TASK REQUIREMENTS. When you repeat the entries, reproduce each line exactly and omit every picture.

(Recorded data)
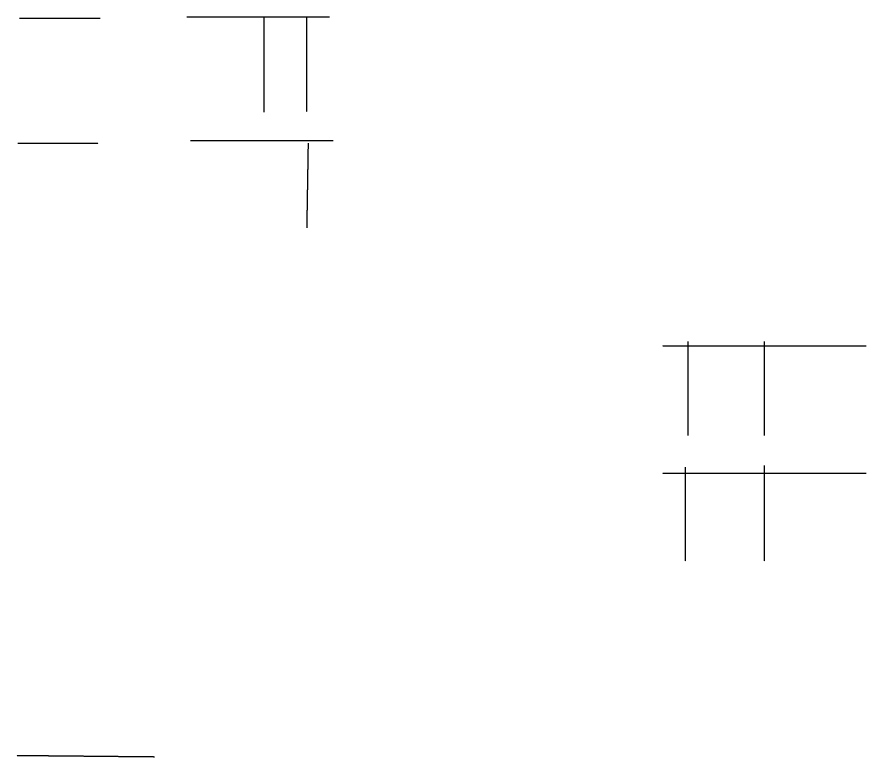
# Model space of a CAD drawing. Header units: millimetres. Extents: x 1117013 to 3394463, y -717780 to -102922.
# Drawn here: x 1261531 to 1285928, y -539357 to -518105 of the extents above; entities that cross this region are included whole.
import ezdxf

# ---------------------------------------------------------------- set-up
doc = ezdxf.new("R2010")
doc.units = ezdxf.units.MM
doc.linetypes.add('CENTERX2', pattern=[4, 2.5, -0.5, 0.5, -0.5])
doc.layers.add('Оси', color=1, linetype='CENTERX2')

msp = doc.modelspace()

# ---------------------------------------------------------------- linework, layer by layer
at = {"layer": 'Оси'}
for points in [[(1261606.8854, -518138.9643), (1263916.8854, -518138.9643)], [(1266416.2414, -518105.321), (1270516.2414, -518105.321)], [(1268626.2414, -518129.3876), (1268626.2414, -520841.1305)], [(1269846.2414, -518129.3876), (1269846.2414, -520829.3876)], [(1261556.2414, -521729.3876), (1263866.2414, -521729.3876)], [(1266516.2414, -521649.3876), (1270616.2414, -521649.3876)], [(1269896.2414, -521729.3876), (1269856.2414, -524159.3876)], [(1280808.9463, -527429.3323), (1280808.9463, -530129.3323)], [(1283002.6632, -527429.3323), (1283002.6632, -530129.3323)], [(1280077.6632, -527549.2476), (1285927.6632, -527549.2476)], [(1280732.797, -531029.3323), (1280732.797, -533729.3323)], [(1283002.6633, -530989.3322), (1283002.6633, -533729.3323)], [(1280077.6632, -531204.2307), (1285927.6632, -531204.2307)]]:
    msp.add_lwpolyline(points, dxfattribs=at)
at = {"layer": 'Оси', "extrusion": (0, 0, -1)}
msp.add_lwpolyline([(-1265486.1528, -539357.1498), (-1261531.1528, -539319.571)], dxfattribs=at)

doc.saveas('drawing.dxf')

SOLUTION FOR THIS TASK.
# Model space of a CAD drawing. Header units: millimetres. Extents: x 1117013 to 3394463, y -717780 to -102922.
# Drawn here: x 1261531 to 1285928, y -539357 to -518105 of the extents above; entities that cross this region are included whole.
import ezdxf

# ---------------------------------------------------------------- set-up
doc = ezdxf.new("R2010")
doc.units = ezdxf.units.MM
doc.linetypes.add('CENTERX2', pattern=[4, 2.5, -0.5, 0.5, -0.5])
doc.layers.add('Оси', color=1, linetype='CENTERX2')

msp = doc.modelspace()

# ---------------------------------------------------------------- linework, layer by layer
at = {"layer": 'Оси'}
for points in [[(1261606.8854, -518138.9643), (1263916.8854, -518138.9643)], [(1266416.2414, -518105.321), (1270516.2414, -518105.321)], [(1268626.2414, -518129.3876), (1268626.2414, -520841.1305)], [(1269846.2414, -518129.3876), (1269846.2414, -520829.3876)], [(1261556.2414, -521729.3876), (1263866.2414, -521729.3876)], [(1266516.2414, -521649.3876), (1270616.2414, -521649.3876)], [(1269896.2414, -521729.3876), (1269856.2414, -524159.3876)], [(1280808.9463, -527429.3323), (1280808.9463, -530129.3323)], [(1283002.6632, -527429.3323), (1283002.6632, -530129.3323)], [(1280077.6632, -527549.2476), (1285927.6632, -527549.2476)], [(1280732.797, -531029.3323), (1280732.797, -533729.3323)], [(1283002.6633, -530989.3322), (1283002.6633, -533729.3323)], [(1280077.6632, -531204.2307), (1285927.6632, -531204.2307)]]:
    msp.add_lwpolyline(points, dxfattribs=at)
at = {"layer": 'Оси', "extrusion": (0, 0, -1)}
msp.add_lwpolyline([(-1265486.1528, -539357.1498), (-1261531.1528, -539319.571)], dxfattribs=at)

doc.saveas('drawing.dxf')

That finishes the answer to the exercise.